Although the records contain pictures, only their text should be repeated, exactly as it stands.

*** Begin section ***

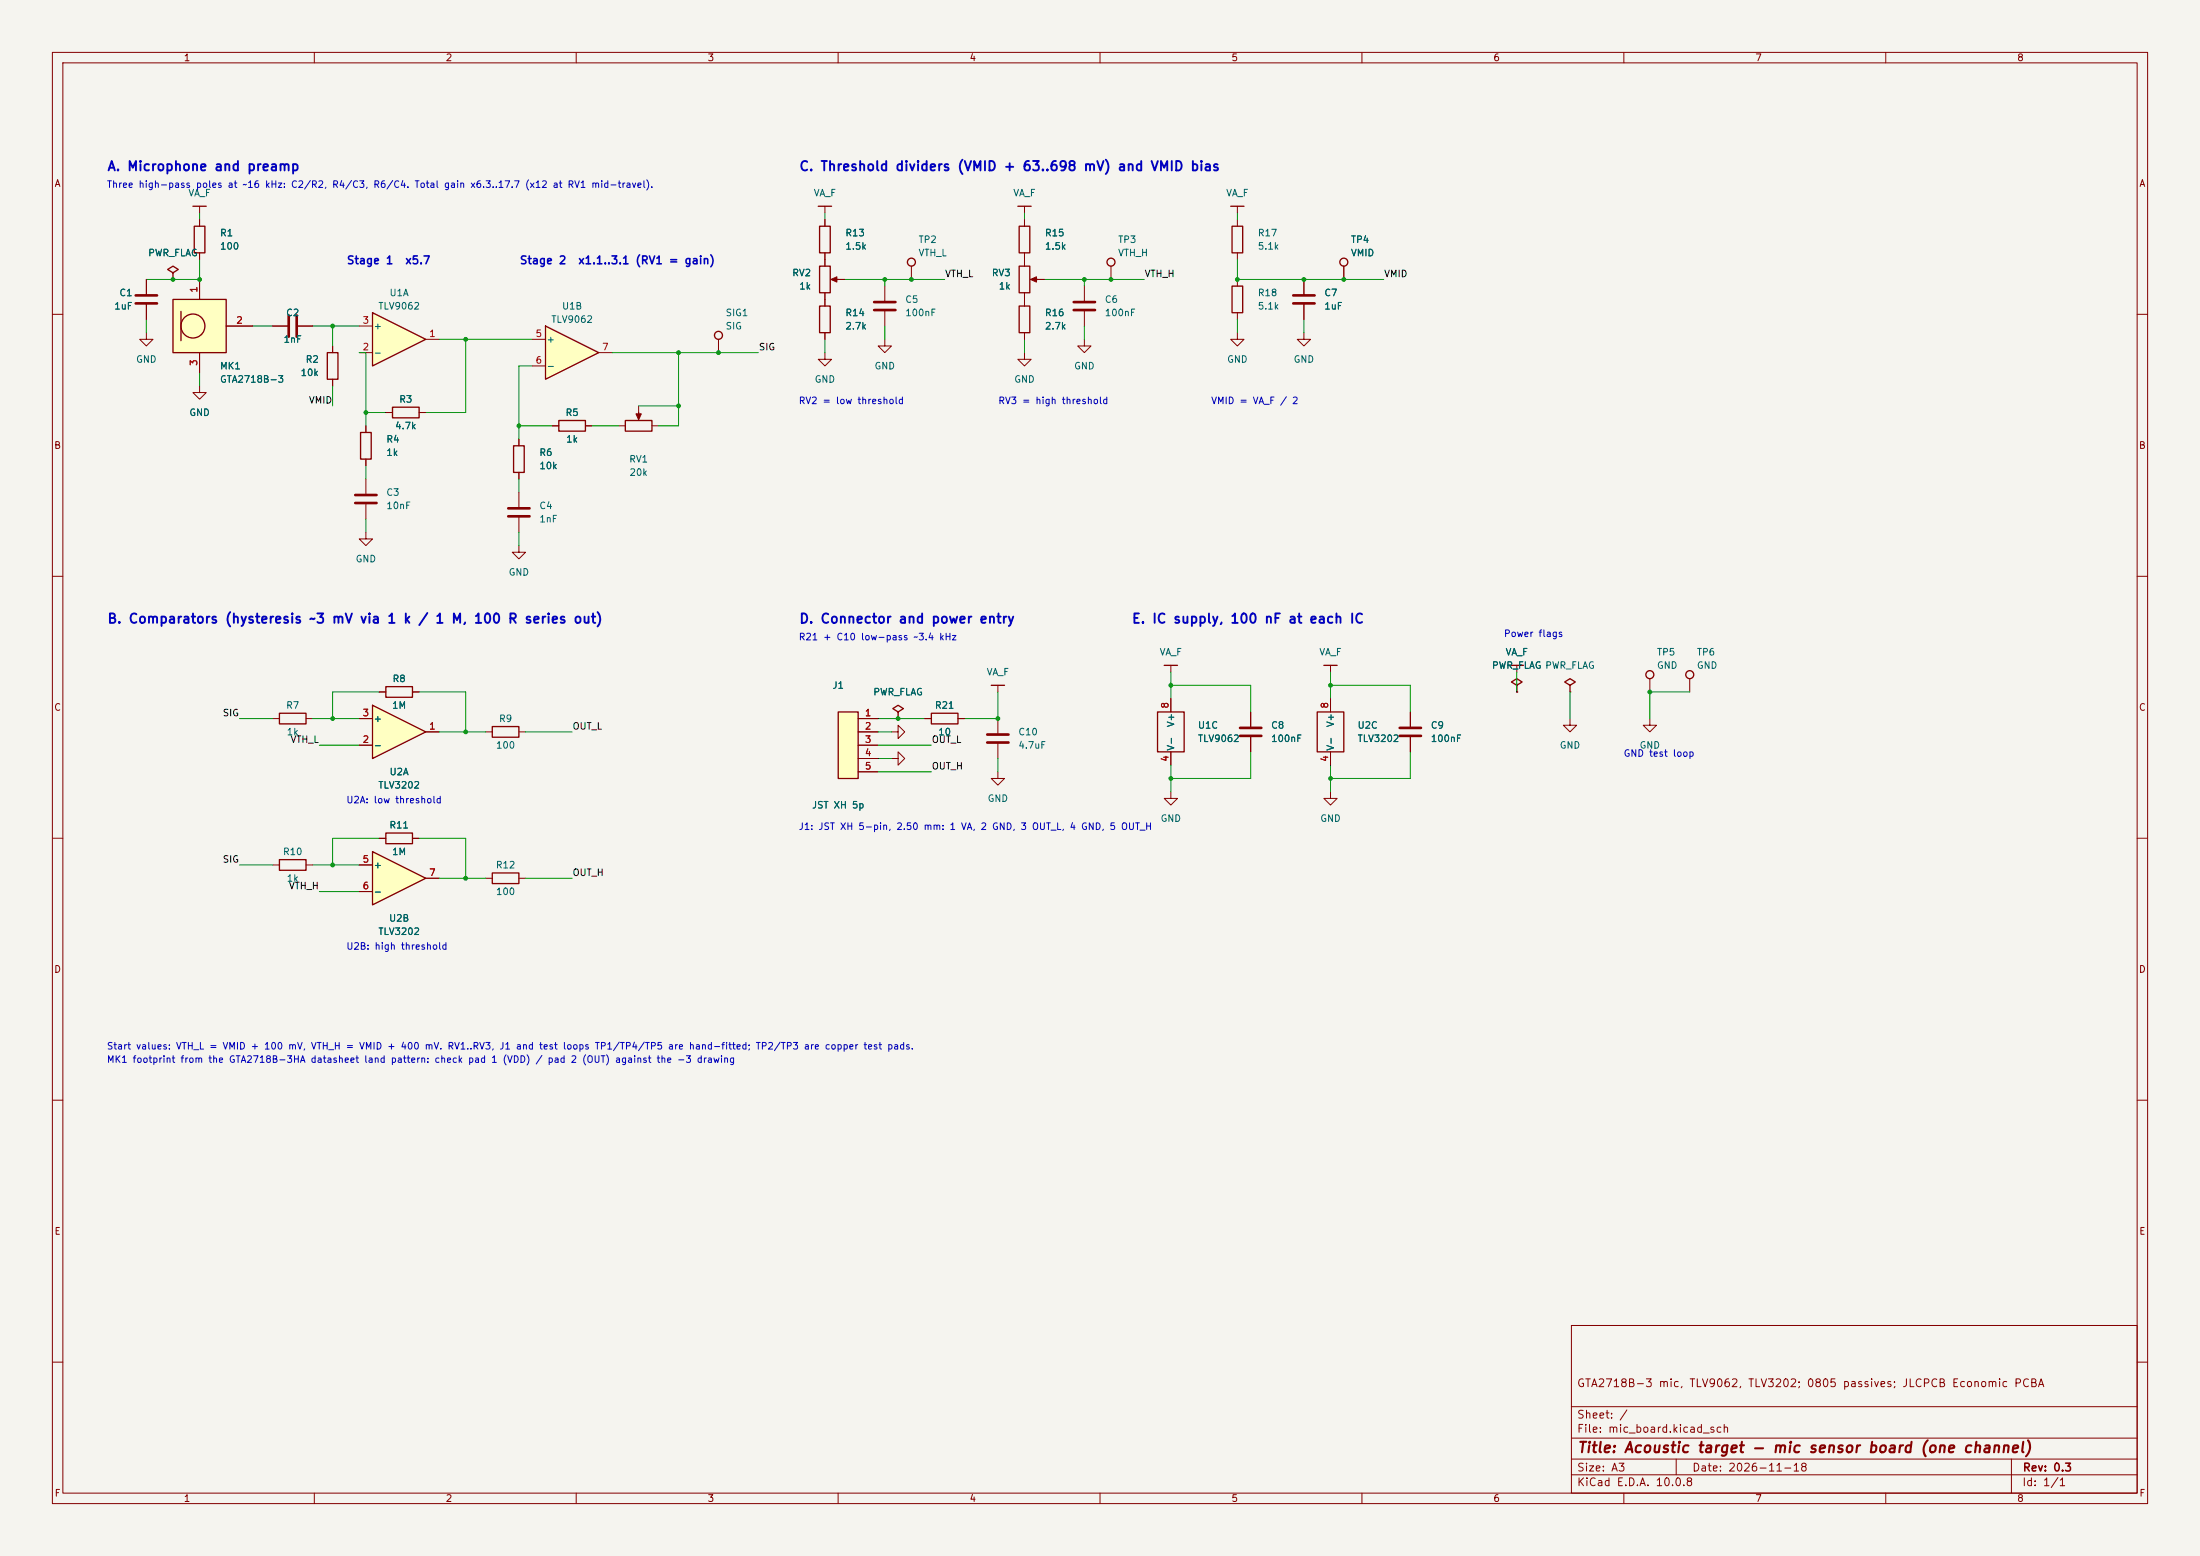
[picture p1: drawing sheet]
<svg xmlns="http://www.w3.org/2000/svg" width="420mm" height="297mm" viewBox="0 0 420 297" stroke-linecap="round" stroke-linejoin="round" font-family="sans-serif">
<path d="M0 0h420v297h-420z" fill="#f5f4ef" stroke="#f5f4ef" stroke-width=".19"/>
<g fill="none" stroke="#840000" stroke-width=".19">
<path d="M10 10h400v277h-400zM12 12h396v273h-396zM60 10v2M110 10v2M160 10v2M210 10v2M260 10v2M310 10v2M360 10v2M10 60h2M73.7 78.7h1.2M80 78.7h1.3"/>
<path d="M408 60h2M10 110h2M408 110h2M170.2 139.7h1.2v-1.3l1.3 1.3-1.3 1.3v-1.3M10 160h2M408 160h2M10 210h2M408 210h2M300 253h108v32h-108zM10 260h2M300 278.5h108M300 274.5h108"/>
<path d="M300 268.5h108M320 278.5v3M384 278.5v6.5M408 260h2M60 285v2M110 285v2M160 285v2M210 285v2M260 285v2M300 281.5h108M310 285v2M360 285v2"/>
</g>
<path d="M74.9 77.7h5.1v2.1h-5.1z" fill="none" stroke="#840000" stroke-width=".25"/>
<path d="M71.1 59.7l10.2 5.1-10.2 5.1z" fill="#ffffc2"/>
<g fill="none" stroke="#840000" stroke-width=".25">
<path d="M71.1 59.7l10.2 5.1-10.2 5.1zM68.8 82.6h2.1v5h-2.1z"/>
<circle cx="315" cy="128.8" r=".76"/>
<circle cx="322.6" cy="128.8" r=".76"/>
</g>
<path d="M68.6 67.3h2.5M68.6 62.2h2.5M81.3 64.8h2.5M69.8 81.3v1.3M69.8 87.6v1.3M69.8 91.4v3.1M69.8 96v3.1M69.8 101.6v1.3h1.3l-1.3 1.2-1.2-1.2h1.2M315 137.2v1.2h1.2l-1.2 1.3-1.3-1.3h1.3M315 129.5v2.6M322.6 129.5v2.6M190.5 147.3v1.3h1.3l-1.3 1.3-1.3-1.3h1.3" fill="none" stroke="#840000" stroke-width=".19"/>
<path d="M67.8 94.5h4.1M67.8 96h4.1" fill="none" stroke="#840000" stroke-width=".51"/>
<path d="M160 135.9h3.8v12.7h-3.8z" fill="#ffffc2"/>
<path d="M36.8 39.4h2.6M98 85.1h2.1v5.1h-2.1zM160 135.9h3.8v12.7h-3.8zM171.4 135.9l1.1-.6-1.1-.7-1 .7 1 .6v1.3" fill="none" stroke="#840000" stroke-width=".25"/>
<g fill="none" stroke="#840000" stroke-width=".19">
<path d="M38.1 39.4v1.2M99.1 83.8v1.3M99.1 90.2v1.2M99.1 94v3M99.1 98.6v3M99.1 104.1v1.3h1.2l-1.2 1.3-1.3-1.3h1.3M163.8 137.2h3.8M163.8 139.7h3.8M171.4 137.2h.1M190.5 137.2v3M163.8 142.2h3.8M163.8 144.8h3.8"/>
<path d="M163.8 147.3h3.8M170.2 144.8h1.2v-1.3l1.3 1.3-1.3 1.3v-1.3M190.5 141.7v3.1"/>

*** End section ***

— PROBLEM SOLUTION —
[picture p1: drawing sheet]
<svg xmlns="http://www.w3.org/2000/svg" width="420mm" height="297mm" viewBox="0 0 420 297" stroke-linecap="round" stroke-linejoin="round" font-family="sans-serif">
<path d="M0 0h420v297h-420z" fill="#f5f4ef" stroke="#f5f4ef" stroke-width=".19"/>
<g fill="none" stroke="#840000" stroke-width=".19">
<path d="M10 10h400v277h-400zM12 12h396v273h-396zM60 10v2M110 10v2M160 10v2M210 10v2M260 10v2M310 10v2M360 10v2M10 60h2M73.7 78.7h1.2M80 78.7h1.3"/>
<path d="M408 60h2M10 110h2M408 110h2M170.2 139.7h1.2v-1.3l1.3 1.3-1.3 1.3v-1.3M10 160h2M408 160h2M10 210h2M408 210h2M300 253h108v32h-108zM10 260h2M300 278.5h108M300 274.5h108"/>
<path d="M300 268.5h108M320 278.5v3M384 278.5v6.5M408 260h2M60 285v2M110 285v2M160 285v2M210 285v2M260 285v2M300 281.5h108M310 285v2M360 285v2"/>
</g>
<path d="M74.9 77.7h5.1v2.1h-5.1z" fill="none" stroke="#840000" stroke-width=".25"/>
<path d="M71.1 59.7l10.2 5.1-10.2 5.1z" fill="#ffffc2"/>
<g fill="none" stroke="#840000" stroke-width=".25">
<path d="M71.1 59.7l10.2 5.1-10.2 5.1zM68.8 82.6h2.1v5h-2.1z"/>
<circle cx="315" cy="128.8" r=".76"/>
<circle cx="322.6" cy="128.8" r=".76"/>
</g>
<path d="M68.6 67.3h2.5M68.6 62.2h2.5M81.3 64.8h2.5M69.8 81.3v1.3M69.8 87.6v1.3M69.8 91.4v3.1M69.8 96v3.1M69.8 101.6v1.3h1.3l-1.3 1.2-1.2-1.2h1.2M315 137.2v1.2h1.2l-1.2 1.3-1.3-1.3h1.3M315 129.5v2.6M322.6 129.5v2.6M190.5 147.3v1.3h1.3l-1.3 1.3-1.3-1.3h1.3" fill="none" stroke="#840000" stroke-width=".19"/>
<path d="M67.8 94.5h4.1M67.8 96h4.1" fill="none" stroke="#840000" stroke-width=".51"/>
<path d="M160 135.9h3.8v12.7h-3.8z" fill="#ffffc2"/>
<path d="M36.8 39.4h2.6M98 85.1h2.1v5.1h-2.1zM160 135.9h3.8v12.7h-3.8zM171.4 135.9l1.1-.6-1.1-.7-1 .7 1 .6v1.3" fill="none" stroke="#840000" stroke-width=".25"/>
<g fill="none" stroke="#840000" stroke-width=".19">
<path d="M38.1 39.4v1.2M99.1 83.8v1.3M99.1 90.2v1.2M99.1 94v3M99.1 98.6v3M99.1 104.1v1.3h1.2l-1.2 1.3-1.3-1.3h1.3M163.8 137.2h3.8M163.8 139.7h3.8M171.4 137.2h.1M190.5 137.2v3M163.8 142.2h3.8M163.8 144.8h3.8"/>
<path d="M163.8 147.3h3.8M170.2 144.8h1.2v-1.3l1.3 1.3-1.3 1.3v-1.3M190.5 141.7v3.1"/>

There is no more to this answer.